RECORDS SUPPLIED below:

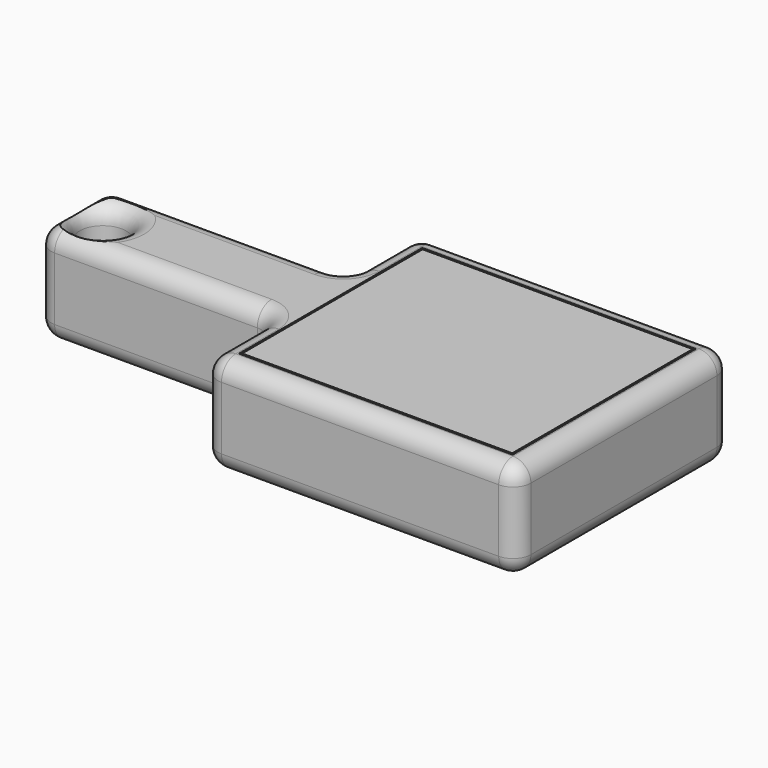
from build123d import *

# Parameters (mm, degrees)
F0_W           = 105.7696826756
F0_H           = 28.0387941748
F1_DEPTH       = 25.4
F2_W           = 38.074536249
F2_H           = 28.0387941748
F5_DEPTH       = 25.4
F4_W           = 38.074536249
F4_H           = 28.0387941748
F6_DEPTH       = 25.4
F7_DEPTH       = 50.8
F8_R           = 6.5972484206
F9_DEPTH       = 28.0397941748
F10_T1_DEPTH   = 28.0387941748
F10_T3_DEPTH   = 50.8
F10_T5_DEPTH   = 53.4387941748
F10_T7_DEPTH   = 96.494536249
F10_T9_DEPTH   = 17.8787941748
F10_T11_DEPTH  = 66.04
F10_S15_W      = 5.08
F10_S15_H      = 5.08
F10_T16_DEPTH  = 5.08
F10_S21_W      = 5.08
F10_S21_H      = 5.08
F10_T22_DEPTH  = 5.08
F10_S27_W      = 5.08
F10_S27_H      = 5.08
F10_T28_DEPTH  = 5.08
F10_S33_W      = 5.08
F10_S33_H      = 5.08
F10_T34_DEPTH  = 5.08
F10_T41_DEPTH  = 57.5351464266
F10_T43_DEPTH  = 15.24
F10_T45_DEPTH  = 15.24
F10_S49_W      = 5.08
F10_S49_H      = 5.08
F10_T50_DEPTH  = 5.08
F10_S55_W      = 5.08
F10_S55_H      = 5.08
F10_T56_DEPTH  = 5.08
F10_S61_W      = 5.08
F10_S61_H      = 5.08
F10_T62_DEPTH  = 5.08
F10_S67_W      = 5.08
F10_S67_H      = 5.08
F10_T68_DEPTH  = 5.08
F10_S73_W      = 5.08
F10_S73_H      = 5.08
F10_T74_DEPTH  = 5.08
F10_S79_W      = 5.08
F10_S79_H      = 5.08
F10_T80_DEPTH  = 5.08
F10_S85_W      = 5.08
F10_S85_H      = 5.08
F10_T86_DEPTH  = 5.08
F10_S91_W      = 5.08
F10_S91_H      = 5.08
F10_T92_DEPTH  = 5.08
F10_T96_ANGLE  = 90
F10_T98_ANGLE  = 90
F10_T100_ANGLE = 90
F10_T102_ANGLE = 90
F12_DEPTH      = 2.54


# Not quite as in the source:
# - a fillet or chamfer that OpenCascade refuses, or shapes differently, is made with other operations: its cross-section is extruded or revolved along the edge and cut away or added


with BuildPart() as f1:
    # F0 (on Front) → F1 (new body)
    with BuildSketch(Plane.XZ):
        with Locations((5.6814979762, 14.0193970874)):
            Rectangle(F0_W, F0_H)
    extrude(amount=F1_DEPTH)

    # F2 (on face) → F5 (join)
    with BuildSketch(Plane.XZ.offset(25.4)):
        with Locations((39.5290711895, 14.0193970874)):
            Rectangle(F2_W, F2_H)
    extrude(amount=F5_DEPTH)

    # F4 (on face) → F6 (join)
    with BuildSketch(Plane(origin=(0, 0, 0), x_dir=(-1, 0, 0), z_dir=(0, 1, 0))):
        with Locations((-39.5290711895, 14.0193970874)):
            Rectangle(F4_W, F4_H)
    extrude(amount=F6_DEPTH)

    # F7 (add): a face of the model
    f7_faces = [f1.faces().sort_by_distance(p)[0] for p in [
        (58.566339314, -12.7, 14.0193970874),
    ]]
    extrude(f7_faces, amount=F7_DEPTH)

    # F8 (on face) → F9 (cut, through all)
    with BuildSketch(Plane.XY.offset(28.0387941748)):
        with Locations((-37.849932909, -13.6290360242)):
            Circle(F8_R)
    extrude(amount=-F9_DEPTH, mode=Mode.SUBTRACT)

    # F10: fillet of radius 5.08 on 27 edges, made by hand

    # F10_s2 → F10_t1 (join)
    with BuildSketch(Plane.XY):
        with BuildLine():
            ThreePointArc((20.4918030649, -30.48), (19.0039055134, -26.8878975516), (15.4118030649, -25.4))
            Line((15.4118030649, -25.4), (20.4918030649, -25.4))
            Line((20.4918030649, -25.4), (20.4918030649, -30.48))
        make_face()
        with BuildLine():
            ThreePointArc((20.4918030649, 5.08), (19.0039055134, 1.4878975516), (15.4118030649, 0))
            Line((15.4118030649, 0), (20.4918030649, 0))
            Line((20.4918030649, 0), (20.4918030649, 5.08))
        make_face()
    extrude(amount=F10_T1_DEPTH)

    # F10_s4 → F10_t3 (cut)
    with BuildSketch(Plane.XZ.offset(-12.7)):
        with BuildLine():
            ThreePointArc((-42.1233433616, 28.0387941748), (-45.71544581, 26.5508966232), (-47.2033433616, 22.9587941748))
            Line((-47.2033433616, 22.9587941748), (-47.2033433616, 28.0387941748))
            Line((-47.2033433616, 28.0387941748), (-42.1233433616, 28.0387941748))
        make_face()
        with BuildLine():
            ThreePointArc((-47.2033433616, 5.08), (-45.71544581, 1.4878975516), (-42.1233433616, 0))
            Line((-42.1233433616, 0), (-47.2033433616, 0))
            Line((-47.2033433616, 0), (-47.2033433616, 5.08))
        make_face()
    extrude(amount=F10_T3_DEPTH, mode=Mode.SUBTRACT)

    # F10_s6 → F10_t5 (cut)
    with BuildSketch(Plane.XY.offset(-12.7)):
        with BuildLine():
            ThreePointArc((-47.2033433616, -5.08), (-45.71544581, -1.4878975516), (-42.1233433616, 0))
            Line((-42.1233433616, 0), (-47.2033433616, 0))
            Line((-47.2033433616, 0), (-47.2033433616, -5.08))
        make_face()
        with BuildLine():
            ThreePointArc((-42.1233433616, -25.4), (-45.71544581, -23.9121024484), (-47.2033433616, -20.32))
            Line((-47.2033433616, -20.32), (-47.2033433616, -25.4))
            Line((-47.2033433616, -25.4), (-42.1233433616, -25.4))
        make_face()
        with BuildLine():
            ThreePointArc((25.5718030649, 25.4), (21.9797006165, 23.9121024484), (20.4918030649, 20.32))
            Line((20.4918030649, 20.32), (20.4918030649, 25.4))
            Line((20.4918030649, 25.4), (25.5718030649, 25.4))
        make_face()
        with BuildLine():
            ThreePointArc((25.5718030649, -50.8), (21.9797006165, -49.3121024484), (20.4918030649, -45.72))
            Line((20.4918030649, -45.72), (20.4918030649, -50.8))
            Line((20.4918030649, -50.8), (25.5718030649, -50.8))
        make_face()
    extrude(amount=F10_T5_DEPTH, mode=Mode.SUBTRACT)

    # F10_s8 → F10_t7 (cut)
    with BuildSketch(Plane.YZ.offset(7.7918030649)):
        with BuildLine():
            ThreePointArc((-50.8, 5.08), (-49.3121024484, 1.4878975516), (-45.72, 0))
            Line((-45.72, 0), (-50.8, 0))
            Line((-50.8, 0), (-50.8, 5.08))
        make_face()
        with BuildLine():
            ThreePointArc((-45.72, 28.0387941748), (-49.3121024484, 26.5508966232), (-50.8, 22.9587941748))
            Line((-50.8, 22.9587941748), (-50.8, 28.0387941748))
            Line((-50.8, 28.0387941748), (-45.72, 28.0387941748))
        make_face()
        with BuildLine():
            ThreePointArc((25.4, 5.08), (23.9121024484, 1.4878975516), (20.32, 0))
            Line((20.32, 0), (25.4, 0))
            Line((25.4, 0), (25.4, 5.08))
        make_face()
        with BuildLine():
            ThreePointArc((20.32, 28.0387941748), (23.9121024484, 26.5508966232), (25.4, 22.9587941748))
            Line((25.4, 22.9587941748), (25.4, 28.0387941748))
            Line((25.4, 28.0387941748), (20.32, 28.0387941748))
        make_face()
    extrude(amount=F10_T7_DEPTH, mode=Mode.SUBTRACT)

    # F10_s10 → F10_t9 (cut)
    with BuildSketch(Plane.XY.offset(5.08)):
        with BuildLine():
            ThreePointArc((104.286339314, -50.8), (107.8784417624, -49.3121024484), (109.366339314, -45.72))
            Line((109.366339314, -45.72), (109.366339314, -50.8))
            Line((109.366339314, -50.8), (104.286339314, -50.8))
        make_face()
        with BuildLine():
            ThreePointArc((109.366339314, 20.32), (107.8784417624, 23.9121024484), (104.286339314, 25.4))
            Line((104.286339314, 25.4), (109.366339314, 25.4))
            Line((109.366339314, 25.4), (109.366339314, 20.32))
        make_face()
    extrude(amount=F10_T9_DEPTH, mode=Mode.SUBTRACT)

    # F10_s12 → F10_t11 (cut)
    with BuildSketch(Plane.XZ.offset(-20.32)):
        with BuildLine():
            ThreePointArc((109.366339314, 5.08), (107.8784417624, 1.4878975516), (104.286339314, 0))
            Line((104.286339314, 0), (109.366339314, 0))
            Line((109.366339314, 0), (109.366339314, 5.08))
        make_face()
        with BuildLine():
            ThreePointArc((104.286339314, 28.0387941748), (107.8784417624, 26.5508966232), (109.366339314, 22.9587941748))
            Line((109.366339314, 22.9587941748), (109.366339314, 28.0387941748))
            Line((109.366339314, 28.0387941748), (104.286339314, 28.0387941748))
        make_face()
    extrude(amount=F10_T11_DEPTH, mode=Mode.SUBTRACT)


with BuildPart() as f10_tool14:
    # F10_s15 → F10_t16 (new body)
    with BuildSketch(Plane.XZ.offset(45.72)):
        with Locations((106.826339314, 2.54)):
            Rectangle(F10_S15_W, F10_S15_H)
    extrude(amount=F10_T16_DEPTH)

    # F10_s17 → F10_t18 (revolve, cut)
    with BuildSketch(Plane(origin=(104.286339314, -45.72, 5.08), x_dir=(-0.7071067812, 0, 0.7071067812), z_dir=(0.7071067812, 0, 0.7071067812))):
        with BuildLine():
            ThreePointArc((0, -5.08), (5.08, 0), (0, 5.08))
            Line((0, 5.08), (0, -5.08))
        make_face()
    revolve(axis=Axis((104.286339314, -45.72, 5.08), (0, -1, 0)), mode=Mode.SUBTRACT)


with BuildPart() as f1_1:
    add(f1.part)

    # F10_t13: cut F10_tool14
    add(f10_tool14.part, mode=Mode.SUBTRACT)


with BuildPart() as f10_tool20:
    # F10_s21 → F10_t22 (new body)
    with BuildSketch(Plane.XY.offset(22.9587941748)):
        with Locations((106.826339314, -48.26)):
            Rectangle(F10_S21_W, F10_S21_H)
    extrude(amount=F10_T22_DEPTH)

    # F10_s23 → F10_t24 (revolve, cut)
    with BuildSketch(Plane(origin=(104.286339314, -45.72, 22.9587941748), x_dir=(-0.7071067812, 0.7071067812, 0), z_dir=(0.7071067812, 0.7071067812, 0))):
        with BuildLine():
            ThreePointArc((0, -5.08), (5.08, 0), (0, 5.08))
            Line((0, 5.08), (0, -5.08))
        make_face()
    revolve(axis=Axis((104.286339314, -45.72, 22.9587941748), (0, 0, 1)), mode=Mode.SUBTRACT)


with BuildPart() as f1_2:
    add(f1_1.part)

    # F10_t19: cut F10_tool20
    add(f10_tool20.part, mode=Mode.SUBTRACT)


with BuildPart() as f10_tool26:
    # F10_s27 → F10_t28 (new body)
    with BuildSketch(Plane.XY.offset(5.08)):
        with Locations((106.826339314, 22.86)):
            Rectangle(F10_S27_W, F10_S27_H)
    extrude(amount=-F10_T28_DEPTH)

    # F10_s29 → F10_t30 (revolve, cut)
    with BuildSketch(Plane(origin=(104.286339314, 20.32, 5.08), x_dir=(-0.7071067812, -0.7071067812, 0), z_dir=(0.7071067812, -0.7071067812, 0))):
        with BuildLine():
            ThreePointArc((0, -5.08), (5.08, 0), (0, 5.08))
            Line((0, 5.08), (0, -5.08))
        make_face()
    revolve(axis=Axis((104.286339314, 20.32, 5.08), (0, 0, -1)), mode=Mode.SUBTRACT)


with BuildPart() as f1_3:
    add(f1_2.part)

    # F10_t25: cut F10_tool26
    add(f10_tool26.part, mode=Mode.SUBTRACT)


with BuildPart() as f10_tool32:
    # F10_s33 → F10_t34 (new body)
    with BuildSketch(Plane.XY.offset(22.9587941748)):
        with Locations((106.826339314, 22.86)):
            Rectangle(F10_S33_W, F10_S33_H)
    extrude(amount=F10_T34_DEPTH)

    # F10_s35 → F10_t36 (revolve, cut)
    with BuildSketch(Plane(origin=(104.286339314, 20.32, 22.9587941748), x_dir=(-0.7071067812, -0.7071067812, 0), z_dir=(-0.7071067812, 0.7071067812, 0))):
        with BuildLine():
            ThreePointArc((0, -5.08), (5.08, 0), (0, 5.08))
            Line((0, 5.08), (0, -5.08))
        make_face()
    revolve(axis=Axis((104.286339314, 20.32, 22.9587941748), (0, 0, 1)), mode=Mode.SUBTRACT)


with BuildPart() as f1_4:
    add(f1_3.part)

    # F10_t31: cut F10_tool32
    add(f10_tool32.part, mode=Mode.SUBTRACT)

    # F10_s37 → F10_t38 (revolve, cut)
    with BuildSketch(Plane.XZ.offset(13.6290360242)):
        with BuildLine():
            ThreePointArc((-26.1726844884, 28.0387941748), (-29.7647869368, 26.5508966232), (-31.2526844884, 22.9587941748))
            Line((-31.2526844884, 22.9587941748), (-31.2526844884, 28.0387941748))
            Line((-31.2526844884, 28.0387941748), (-26.1726844884, 28.0387941748))
        make_face()
    revolve(axis=Axis((-37.849932909, -13.6290360242, 28.0387941748), (0, 0, 1)), mode=Mode.SUBTRACT)

    # F10_s39 → F10_t40 (revolve, cut)
    with BuildSketch(Plane.XZ.offset(13.6290360242)):
        with BuildLine():
            ThreePointArc((-31.2526844884, 5.08), (-29.7647869368, 1.4878975516), (-26.1726844884, 0))
            Line((-26.1726844884, 0), (-31.2526844884, 0))
            Line((-31.2526844884, 0), (-31.2526844884, 5.08))
        make_face()
    revolve(axis=Axis((-37.849932909, -13.6290360242, 0), (0, 0, 1)), mode=Mode.SUBTRACT)

    # F10_s42 → F10_t41 (cut)
    with BuildSketch(Plane.YZ.offset(-42.1233433616)):
        with BuildLine():
            ThreePointArc((-5.08, 28.0387941748), (-1.4878975516, 26.5508966232), (0, 22.9587941748))
            Line((0, 22.9587941748), (0, 28.0387941748))
            Line((0, 28.0387941748), (-5.08, 28.0387941748))
        make_face()
        with BuildLine():
            ThreePointArc((-20.32, 28.0387941748), (-23.9121024484, 26.5508966232), (-25.4, 22.9587941748))
            Line((-25.4, 22.9587941748), (-25.4, 28.0387941748))
            Line((-25.4, 28.0387941748), (-20.32, 28.0387941748))
        make_face()
        with BuildLine():
            ThreePointArc((-25.4, 5.08), (-23.9121024484, 1.4878975516), (-20.32, 0))
            Line((-20.32, 0), (-25.4, 0))
            Line((-25.4, 0), (-25.4, 5.08))
        make_face()
        with BuildLine():
            ThreePointArc((0, 5.08), (-1.4878975516, 1.4878975516), (-5.08, 0))
            Line((-5.08, 0), (0, 0))
            Line((0, 0), (0, 5.08))
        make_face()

End of RECORDS SUPPLIED.

**PROBLEM TO SOLVE:** Each line holding "made" in the records should be copied out.

**RESPONSE BELOW:**
# - a fillet or chamfer that OpenCascade refuses, or shapes differently, is made with other operations: its cross-section is extruded or revolved along the edge and cut away or added
    # F10: fillet of radius 5.08 on 27 edges, made by hand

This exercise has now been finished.